Wait...some dude punched a chic?? I dont get it? Why didn't ya just beat the hell out of him right then and there? Nobody saw it or what? If ya need some size 13s to fit in his ass, let me know.


----------



## poudreraft (Sep 21, 2004)

No-one she knew saw it, her friends were at the bar. It was packed and obviously a bunch of people saw it, but not one person stepped in to help her out. The guy is lucky the friends wern't close by.


----------



## ihateboulder (Sep 26, 2005)

It's a pimp and ho party, what the hell do you expect? Word has it Team Daggger had to regulate on her because she wasn't putting out.


----------



## poudreraft (Sep 21, 2004)

I hate Boulder, yeah I would laugh but that's not really funny.


----------



## hobie (Nov 3, 2003)

I hate Boulder, not cool. As a member of Team D I have to post to share my dislike for that comment. I almost can't believe you would make such a remark. To the group with the gal that was punched, sorry to hear about that. I agree that punishment is in order to the person that did it. I was not there but also don't believe or have heard anything that would lead me to believe a member of our whitewater team did any such act. I think this is IHB's attempt at a laugh.

hobie
Dagger Kayaks


----------



## dickyp26 (May 27, 2006)

*I hate boulder - idiot*

Ihateboulder sounds like has about as much class as this chick beater. Good work bro, live life strong and keep being an idiot, and some day you will get what is coming for ya! someone should kick your ass!


----------



## matty1971 (Aug 1, 2004)

hobie said:


> I hate Boulder, not cool. As a member of Team D I have to post to share my dislike for that comment. I almost can't believe you would make such a remark. To the group with the gal that was punched, sorry to hear about that. I agree that punishment is in order to the person that did it. I was not there but also don't believe or have heard anything that would lead me to believe a member of our whitewater team did any such act. I think this is IHB's attempt at a laugh.
> 
> hobie
> Dagger Kayaks


What do you expect from somebody who's name is ihateboulder.


----------



## Matt J (May 27, 2005)

*back to the issue at hand...*

Let's get back to the real issue. Some ridiculous pos HIT a girl, not once, but twice. Someone in B.V. has to know who it is. I'll offer up a case of Fort Collins' finest brew to whomever can recollect who was involved in this fiasco.


----------



## Brian @ the Mountain Shop (Apr 12, 2004)

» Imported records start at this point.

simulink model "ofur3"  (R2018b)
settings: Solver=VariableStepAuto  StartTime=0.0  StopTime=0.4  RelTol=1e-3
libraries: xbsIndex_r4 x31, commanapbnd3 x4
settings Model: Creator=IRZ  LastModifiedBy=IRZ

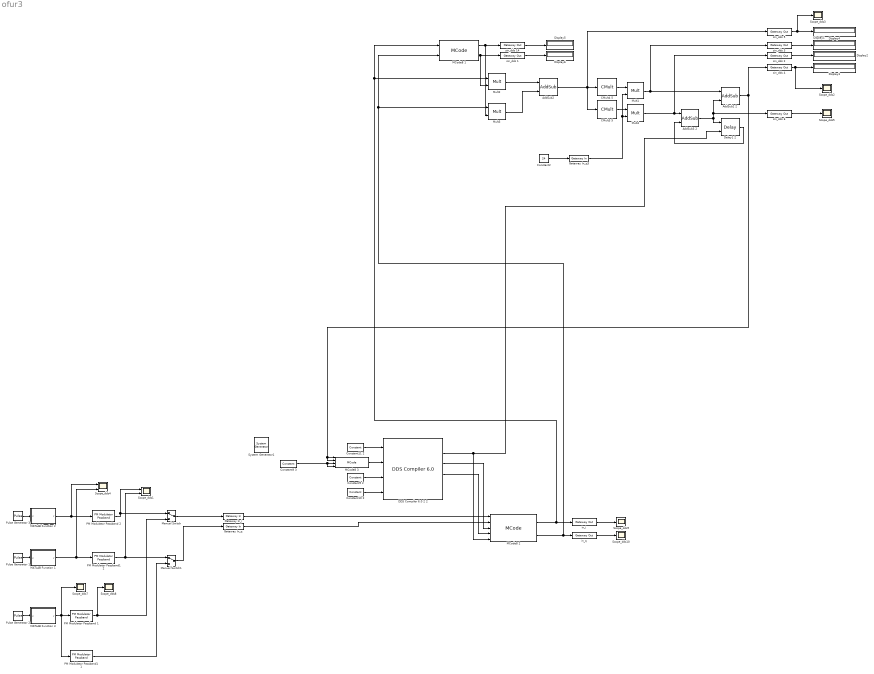
== system ofur3 ==
  " System Generator1" : xbsIndex_r4/ System Generator  Tag=genX  xilinxfamily=artix7  part=xc7a200t  speed=-3  package=fbg484  synthesis_tool=Vivado  clock_wrapper=Clock Enables  directory=C:/Users/IRZ/AppData/Roaming/Xilinx/Vivado/ofur_17  proj_type=Vivado  Synth_file=Vivado Synthesis Defaults  Impl_file=Vivado Implementation Defaults  testbench=off  simulink_period=1/30.72e6  sysclk_period=32.55  dcm_input_clock_period=10  incr_netlist=off  trim_vbits=Everywhere in SubSystem  dbl_ovrd=According to Block Masks  core_generation=According to Block Masks  run_coregen=off  deprecated_control=off  eval_field=0  block_type=sysgen
  AddSub2 : xbsIndex_r4/AddSub  mode=Subtraction  use_carryin=off  use_carryout=off  en=off  latency=1  precision=Full  arith_type=Unsigned  n_bits=16  bin_pt=14  quantization=Truncate  overflow=Wrap  use_behavioral_HDL=off  hw_selection=Fabric  pipelined=off  dbl_ovrd=off  block_type=addsub
  AddSub2 2 : xbsIndex_r4/AddSub  mode=Addition  use_carryin=off  use_carryout=off  en=off  latency=1  precision=User Defined  arith_type="Signed  (2's comp)"  n_bits=32  bin_pt=32  quantization=Truncate  overflow=Wrap  use_behavioral_HDL=off  hw_selection=Fabric  pipelined=off  dbl_ovrd=off  block_type=addsub
  AddSub3 2 : xbsIndex_r4/AddSub  mode=Addition  use_carryin=off  use_carryout=off  en=off  latency=0  precision=User Defined  arith_type="Signed  (2's comp)"  n_bits=48  bin_pt=48  quantization=Truncate  overflow=Wrap  use_behavioral_HDL=off  hw_selection=Fabric  pipelined=off  dbl_ovrd=off  block_type=addsub
  CMult3 5 : xbsIndex_r4/CMult  const=0.00000000010458116751  gui_display_data_type=Fixed-point  const_n_bits=48  const_bin_pt=48  float_type=Single  exp_bits=8  fraction_bits=24  en=off  latency=1  precision=User Defined  arith_type="Signed  (2's comp)"  n_bits=48  bin_pt=48  quantization=Truncate  overflow=Wrap  use_behavioral_HDL=off  mem_type=Distributed RAM  pipeline=off  dbl_ovrd=off  block_type=cmult
  CMult4 5 : xbsIndex_r4/CMult  const=0.0000102265908761675  gui_display_data_type=Fixed-point  const_n_bits=48  const_bin_pt=48  float_type=Single  exp_bits=8  fraction_bits=24  en=off  latency=1  precision=User Defined  arith_type="Signed  (2's comp)"  n_bits=48  bin_pt=48  quantization=Truncate  overflow=Wrap  use_behavioral_HDL=off  mem_type=Distributed RAM  pipeline=off  dbl_ovrd=off  block_type=cmult
  Constant10 2 : xbsIndex_r4/Constant  const=1.0  gui_display_data_type=Boolean  arith_type=Boolean  n_bits=16  bin_pt=14  preci_type=Single  exp_width=8  frac_width=24  explicit_period=on  period=1/30.72e6  equ=P=C  opselect=C  inp2=PCIN>>17  opr=+  inp1=P  carry=CIN  dbl_ovrd=off  block_type=constant
  Constant11 2 : xbsIndex_r4/Constant  const=1.0  gui_display_data_type=Boolean  arith_type=Boolean  n_bits=16  bin_pt=14  preci_type=Single  exp_width=8  frac_width=24  explicit_period=on  period=1/30.72e6  equ=P=C  opselect=C  inp2=PCIN>>17  opr=+  inp1=P  carry=CIN  dbl_ovrd=off  block_type=constant
  Constant2 : Constant  Value=24
  Constant9 2 : xbsIndex_r4/Constant  const=1.0  gui_display_data_type=Boolean  arith_type=Boolean  n_bits=16  bin_pt=14  preci_type=Single  exp_width=8  frac_width=24  explicit_period=on  period=1/30.72e6  equ=P=C  opselect=C  inp2=PCIN>>17  opr=+  inp1=P  carry=CIN  dbl_ovrd=off  block_type=constant
  Constant9 3 : xbsIndex_r4/Constant  const=0  gui_display_data_type=Fixed-point  arith_type=Unsigned  n_bits=32  bin_pt=32  preci_type=Single  exp_width=8  frac_width=24  explicit_period=on  period=1/30.72e6  equ=P=C  opselect=C  inp2=PCIN>>17  opr=+  inp1=P  carry=CIN  dbl_ovrd=off  block_type=constant
  DDS Compiler 6.0 2 2 : xbsIndex_r4/DDS Compiler 6.0   partspresent=Phase_Generator_and_SIN_COS_LUT  dds_clock_rate=30.72  channels=1  mode_of_operation=Standard  modulus=9  parameter_entry=Hardware_Parameters  spurious_free_dynamic_range=45  frequency_resolution=0.4  noise_shaping=None  phase_width=32  output_width=12  output_selection=Sine_and_Cosine  negative_sine=on  negative_cosine=on  amplitude_mode=Full_Range  memory_type=Auto  optimization_goal=Auto  dsp48_use=Minimal  resync=off  latency_configuration=Auto  latency=1  has_phase_out=on  has_aclken=off  has_aresetn=off  explicit_period=on  period=1/30.72e6  data_has_tlast=Not_Required  has_tready=on  s_phase_has_tuser=Not_Required  m_data_has_tuser=Not_Required  m_phase_has_tuser=Not_Required  s_phase_tuser_width=1  output_form=Twos_Complement  s_config_sync_mode=On_Vector  phase_increment=Streaming  output_frequency1=0  output_frequency2=0  output_frequency3=0  output_frequency4=0  output_frequency5=0  output_frequency6=0  output_frequency7=0  output_frequency8=0  output_frequency9=0  output_frequency10=0  output_frequency11=0  output_frequency12=0  output_frequency13=0  output_frequency14=0  output_frequency15=0  output_frequency16=0  pinc1='0'  pinc2='0'  pinc3='0'  pinc4='0'  pinc5='0'  pinc6='0'  pinc7='0'  pinc8='0'  pinc9='0'  pinc10='0'  pinc11='0'  pinc12='0'  pinc13='0'  pinc14='0'  pinc15='0'  pinc16='0'  phase_offset=Fixed  phase_offset_angles1=0  phase_offset_angles2=0  phase_offset_angles3=0  phase_offset_angles4=0  phase_offset_angles5=0  phase_offset_angles6=0  phase_offset_angles7=0  phase_offset_angles8=0  phase_offset_angles9=0  phase_offset_angles10=0  phase_offset_angles11=0  phase_offset_angles12=0  phase_offset_angles13=0  phase_offset_angles14=0  phase_offset_angles15=0  phase_offset_angles16=0  poff1='0'  poff2='0'  poff3='0'  poff4='0'  poff5='0'  poff6='0'  poff7='0'  poff8='0'  poff9='0'  poff10='0'  poff11='0'  poff12='0'  poff13='0'  poff14='0'  poff15='0'  poff16='0'  trim_axipin_name=on  simulation_type=hybrid_sim  simulation_model=sysgen:xddsv6_0_cmodel  data_path_portlist={ 's_axis_config_tdata_poff', 's_axis_config_tdata_chan0_poff', 's_axis_config_tdata_pinc', 's_axis_config_tdata_chan0_pinc', 's_axis_phase_tdata_resync', 's_axis_phase_tdata_chan0_resync', 's_axis_phase_tdata_poff', 's_axis_phase_tdata_chan0_poff', 's_axis_phase_tdata_pinc', 's_axis_phase_tdata_chan0_pinc', 's_axis_phase_tdata_phase_in', 'm_axis_data_tdata_sine', 'm_axis_data_tdata_chan0_sine', 'm_axis_data_tdata_cosine', 'm_axis_data_tdata_chan0_cosine', 'm_axis_phase_tdata_phase_out', 'm_axis_phase_tdata_chan0_phase_out'}  por_mode=false  gui_behaviour=Sysgen  ip_name=DDS Compiler  ip_version=6.0  dsptool_ready=true  wrapper_available=true  port_translation_map={ 'aclken' => 'en', 'aresetn' => 'rst' }  ipcore_usecache=true  ipcore_useipmodelcache=true  ipcore_xco_need_fpga_part=true  ipcore_verbose=false  block_type=dds_compiler_v6_0
  Delay1 2 : xbsIndex_r4/Delay  rst=off  infoeditControl=Selection of Reset will increase slice count due to use of real FFs and instead of SRLs  en=on  latency=1  reg_retiming=off  dbl_ovrd=off  block_type=delay
  Display{1..6} (6 alike) : Display
  Gateway In_i : xbsIndex_r4/Gateway In  gui_display_data_type=Fixed-point  arith_type="Signed  (2's comp)"  n_bits=12  bin_pt=11  preci_type=Single  exp_width=8  frac_width=24  rows=1  columns=1  quantization="Round  (unbiased: +/- Inf)"  overflow=Saturate  period=1/30720000  UseAsADC=off  ADCChannel='1'  interface=None  automatic_assignment=on  address_offset=hex2dec('00')  intf_name=''  intf_description=''  default_value=0  timing_constraint=None  locs_specified=off  LOCs={}  io_standard={}  inherit_from_input=off  hdl_port=on  dbl_ovrd=off  block_type=gatewayin
  Gateway In_q : xbsIndex_r4/Gateway In  gui_display_data_type=Fixed-point  arith_type="Signed  (2's comp)"  n_bits=12  bin_pt=11  preci_type=Single  exp_width=8  frac_width=24  rows=1  columns=1  quantization="Round  (unbiased: +/- Inf)"  overflow=Saturate  period=1/30720000  UseAsADC=off  ADCChannel='1'  interface=None  automatic_assignment=on  address_offset=hex2dec('00')  intf_name=''  intf_description=''  default_value=0  timing_constraint=None  locs_specified=off  LOCs={}  io_standard={}  inherit_from_input=off  hdl_port=on  dbl_ovrd=off  block_type=gatewayin
  Gateway In_q3 : xbsIndex_r4/Gateway In  gui_display_data_type=Fixed-point  arith_type="Signed  (2's comp)"  n_bits=10  bin_pt=0  preci_type=Single  exp_width=8  frac_width=24  rows=1  columns=1  quantization="Round  (unbiased: +/- Inf)"  overflow=Saturate  period=1/30720000  UseAsADC=off  ADCChannel='1'  interface=None  automatic_assignment=on  address_offset=hex2dec('00')  intf_name=''  intf_description=''  default_value=0  timing_constraint=None  locs_specified=off  LOCs={}  io_standard={}  inherit_from_input=off  hdl_port=on  dbl_ovrd=off  block_type=gatewayin
  MATLAB Function 1 : MATLAB Function  TreatAsAtomicUnit=on
  MATLAB Function 2 : MATLAB Function  TreatAsAtomicUnit=on
  MATLAB Function 3 : MATLAB Function  TreatAsAtomicUnit=on
  MCode8 1 : xbsIndex_r4/MCode  mfname=costas4  explicit_period=off  period=1/30.72e6  inputsTable={'boundInpExpr'=>['',''],'inputs'=>['im','qm']}  outputsTable={'outputs'=>['im_out','qm_out'],'suppressOut'=>['off','off']}  enable_stdout=off  enable_debug=off  suppress_output=on  defparams={}  hide_port_list={}  dbl_ovrd=off  block_type=mcode
  MCode8 2 : xbsIndex_r4/MCode  mfname=quadrature_detector  explicit_period=off  period=1/30.72e6  inputsTable={'boundInpExpr'=>['','','','',''],'inputs'=>['i','q','s','c','e']}  outputsTable={'outputs'=>['i_out','q_out'],'suppressOut'=>['off','off']}  enable_stdout=off  enable_debug=off  suppress_output=on  defparams={}  hide_port_list={}  dbl_ovrd=off  block_type=mcode
  MCode8 3 : xbsIndex_r4/MCode  mfname=dds_2  explicit_period=off  period=1/30.72e6  inputsTable={'boundInpExpr'=>['','','',''],'inputs'=>['looper','looper_min','furie','flag']}  outputsTable={'outputs'=>['z'],'suppressOut'=>['off']}  enable_stdout=off  enable_debug=off  suppress_output=on  defparams={}  hide_port_list={}  dbl_ovrd=off  block_type=mcode
  Manual Switch : ManualSwitch
  Manual Switch1 : ManualSwitch
  Mult1 : xbsIndex_r4/Mult  precision=User Defined  arith_type="Signed  (2's comp)"  n_bits=48  bin_pt=48  quantization=Truncate  overflow=Wrap  en=off  latency=1  use_behavioral_HDL=off  opt=Speed  use_embedded=on  optimum_pipeline=off  pipeline=on  dbl_ovrd=off  use_rpm=on  placement_style=Triangular  block_type=mult
  Mult2 : xbsIndex_r4/Mult  precision=Full  arith_type="Signed  (2's comp)"  n_bits=16  bin_pt=14  quantization=Truncate  overflow=Wrap  en=off  latency=0  use_behavioral_HDL=off  opt=Speed  use_embedded=on  optimum_pipeline=off  pipeline=on  dbl_ovrd=off  use_rpm=on  placement_style=Triangular  block_type=mult
  Mult3 : xbsIndex_r4/Mult  precision=Full  arith_type="Signed  (2's comp)"  n_bits=16  bin_pt=14  quantization=Truncate  overflow=Wrap  en=off  latency=0  use_behavioral_HDL=off  opt=Speed  use_embedded=on  optimum_pipeline=off  pipeline=on  dbl_ovrd=off  use_rpm=on  placement_style=Triangular  block_type=mult
  Mult4 : xbsIndex_r4/Mult  precision=User Defined  arith_type="Signed  (2's comp)"  n_bits=48  bin_pt=48  quantization=Truncate  overflow=Wrap  en=off  latency=1  use_behavioral_HDL=off  opt=Speed  use_embedded=on  optimum_pipeline=off  pipeline=on  dbl_ovrd=off  use_rpm=on  placement_style=Triangular  block_type=mult
  PM Modulator Passband 1 : commanapbnd3/PM Modulator Passband  Fc=1003000  Ph=0  Kc=pi/4
      settings: SourceProductName=Communications System Toolbox  SourceProductBaseCode=CM
  PM Modulator Passband 2 : commanapbnd3/PM Modulator Passband  Fc=1002000  Ph=0  Kc=pi/4
      settings: SourceProductName=Communications System Toolbox  SourceProductBaseCode=CM
  PM Modulator Passband1 1 : commanapbnd3/PM Modulator Passband  Fc=1003000  Ph=3*pi/2  Kc=pi/4
      settings: SourceProductName=Communications System Toolbox  SourceProductBaseCode=CM
  PM Modulator Passband1 2 : commanapbnd3/PM Modulator Passband  Fc=1002000  Ph=3*pi/2  Kc=pi/4
      settings: SourceProductName=Communications System Toolbox  SourceProductBaseCode=CM
  Pulse Generator 1 : DiscretePulseGenerator  Period=120  PulseWidth=60  PhaseDelay=60  SampleTime=1/30720000
  Pulse Generator 2 : DiscretePulseGenerator  Period=120  PulseWidth=60  SampleTime=1/30720000
  Pulse Generator 3 : DiscretePulseGenerator  Period=120  PulseWidth=60  SampleTime=1/30720000
  Scope_dds1 : Scope  NumInputPorts=2
  Scope_dds{2..3,5,7..10} (7 alike) : Scope
  Scope_dds4 : Scope  NumInputPorts=2
  in_i : xbsIndex_r4/Gateway Out  inherit_from_input=off  hdl_port=on  rows=1  columns=1  UseAsDAC=off  DACChannel='1'  interface=None  automatic_assignment=on  address_offset=hex2dec('00')  intf_name=''  intf_description=''  timing_constraint=None  locs_specified=off  LOCs={}  io_standard={}  block_type=gatewayout
  in_q : xbsIndex_r4/Gateway Out  inherit_from_input=off  hdl_port=on  rows=1  columns=1  UseAsDAC=off  DACChannel='1'  interface=None  automatic_assignment=on  address_offset=hex2dec('00')  intf_name=''  intf_description=''  timing_constraint=None  locs_specified=off  LOCs={}  io_standard={}  block_type=gatewayout
  sin_dds {1..6,14} (7 alike) : xbsIndex_r4/Gateway Out  inherit_from_input=off  hdl_port=off  rows=1  columns=1  UseAsDAC=off  DACChannel='1'  interface=None  automatic_assignment=on  address_offset=hex2dec('00')  intf_name=''  intf_description=''  timing_constraint=None  locs_specified=off  LOCs={}  io_standard={}  block_type=gatewayout
  wires:
  Mult4/1 -> sin_dds 2/1, AddSub3 2/1
  DDS Compiler 6.0 2 2/4 -> MCode8 2/4
  sin_dds 1/1 -> Display6/1
  Mult2/1 -> AddSub2/1
  MATLAB Function 1/1(y) -> PM Modulator Passband1 2/1, Scope_dds4/2
  PM Modulator Passband1 2/1 -> Scope_dds1/2, Manual Switch1/1
  MATLAB Function 2/1(y) -> PM Modulator Passband 2/1, Scope_dds4/1
  Constant9 2/1 -> DDS Compiler 6.0 2 2/3
  MCode8 1/1 -> Mult3/2, sin_dds 14/1
  Gateway In_q/1 -> MCode8 2/2
  DDS Compiler 6.0 2 2/3 -> MCode8 2/3
  Mult3/1 -> AddSub2/2
  PM Modulator Passband1 1/1 -> Manual Switch1/2
  AddSub2 2/1 -> MCode8 3/2, MCode8 3/1, sin_dds 4/1
  Manual Switch/1 -> Gateway In_i/1
  MATLAB Function 3/1(y) -> PM Modulator Passband 1/1, PM Modulator Passband1 1/1, Scope_dds7/1
  in_i/1 -> Scope_dds9/1
  MCode8 1/2 -> sin_dds 1/1, Mult2/2
  Gateway In_i/1 -> MCode8 2/1
  AddSub3 2/1 -> sin_dds 6/1, AddSub2 2/2, Delay1 2/1
  Constant11 2/1 -> DDS Compiler 6.0 2 2/1
  Pulse Generator 1/1 -> MATLAB Function 1/1(u)
  PM Modulator Passband 1/1 -> Scope_dds8/1, Manual Switch/2
  Manual Switch1/1 -> Gateway In_q/1
  Pulse Generator 2/1 -> MATLAB Function 3/1(u)
  MCode8 3/1 -> DDS Compiler 6.0 2 2/2
  sin_dds 14/1 -> Display5/1
  in_q/1 -> Scope_dds10/1
  Pulse Generator 3/1 -> MATLAB Function 2/1(u)
  Constant10 2/1 -> DDS Compiler 6.0 2 2/4
  Delay1 2/1 -> AddSub3 2/2
  PM Modulator Passband 2/1 -> Scope_dds1/1, Manual Switch/1
  sin_dds 2/1 -> Display2/1
  sin_dds 3/1 -> Display1/1
  sin_dds 4/1 -> Scope_dds2/1, Display3/1
  sin_dds 5/1 -> Scope_dds3/1, Display4/1
  sin_dds 6/1 -> Scope_dds5/1
  MCode8 2/2 -> Mult3/1, MCode8 1/2, in_q/1
  MCode8 2/1 -> Mult2/1, MCode8 1/1, in_i/1
  DDS Compiler 6.0 2 2/2 -> Delay1 2/2, MCode8 2/5
  AddSub2/1 -> CMult3 5/1, CMult4 5/1, sin_dds 5/1
  Constant9 3/1 -> MCode8 3/4, MCode8 3/3
  Constant2/1 -> Gateway In_q3/1
  Mult1/1 -> sin_dds 3/1, AddSub2 2/1
  CMult4 5/1 -> Mult1/1
  CMult3 5/1 -> Mult4/1
  Gateway In_q3/1 -> Mult1/2, Mult4/2

== matlab function ofur3/MATLAB Function 1 ==
  data: u input; y output
function y = fcn(u)

persistent B
persistent D
persistent E
persistent C
persistent F
persistent n

persistent A,

A = [1 7 7 1 7 3 5 5];
%A = [1 1 1 0 1 0 1 1 1 0 0 1 0 0 0 0];

%A = [0.707 0.707 0.707 0.707 0.707 -0.707 -0.707 -0.707];

if isempty(B)
 B = 0;
end

if isempty(D)
 D = 0;
end

if isempty(C)
 C = 0;
end

if isempty(F)
 F = 0;
end

if isempty(E)
 E = 0;
end

if isempty(n)
 n = 1;
end
 
D = B;
B = u;

if B == 0 && D == 1
    E = 1;
else
    E = 0;
end

if E == 1
    if n < 8
        n = n + 1;
    else
        n = 1;
    end
    C = A(n);

end

y = C;

== matlab function ofur3/MATLAB Function 3 ==
  data: u input; y output
function y = fcn(u)

persistent B
persistent D
persistent E
persistent C
persistent F
persistent n

persistent A,

A = [1 7 7 1 7 3 5 5];
%A = [1 1 1 0 1 0 1 1 1 0 0 1 0 0 0 0];

%A = [0.707 0.707 0.707 0.707 0.707 -0.707 -0.707 -0.707];

if isempty(B)
 B = 0;
end

if isempty(D)
 D = 0;
end

if isempty(C)
 C = 0;
end

if isempty(F)
 F = 0;
end

if isempty(E)
 E = 0;
end

if isempty(n)
 n = 1;
end
 
D = B;
B = u;

if B == 0 && D == 1
    E = 1;
else
    E = 0;
end

if E == 1
    if n < 8
        n = n + 1;
    else
        n = 1;
    end
    C = A(n);

end

y = C;

== matlab function ofur3/MATLAB Function 2 ==
  data: u input; y output
function y = fcn(u)

persistent B
persistent D
persistent E
persistent C
persistent F
persistent n

persistent A,

A = [1 7 7 1 7 3 5 5];
%A = [1 1 1 0 1 0 1 1 1 0 0 1 0 0 0 0];

%A = [0.707 0.707 0.707 0.707 0.707 -0.707 -0.707 -0.707];

if isempty(B)
 B = 0;
end

if isempty(D)
 D = 0;
end

if isempty(C)
 C = 0;
end

if isempty(F)
 F = 0;
end

if isempty(E)
 E = 0;
end

if isempty(n)
 n = 1;
end
 
D = B;
B = u;

if B == 0 && D == 1
    E = 1;
else
    E = 0;
end

if E == 1
    if n < 8
        n = n + 1;
    else
        n = 1;
    end
    C = A(n);

end

y = C;

I can't believe Kristin didn't take care of him herself right there! I sure as hell wouldn't scuffle with the Amazonian Princess. Those guns are tight!

And ditto from the Mountain Shop on that case of brew.


----------



## boofyak (May 30, 2005)

The chicky beater??........
10-1 odds its it's some Gayper in the eddy with a mean air-flip to swim!


----------



## Jahve (Oct 31, 2003)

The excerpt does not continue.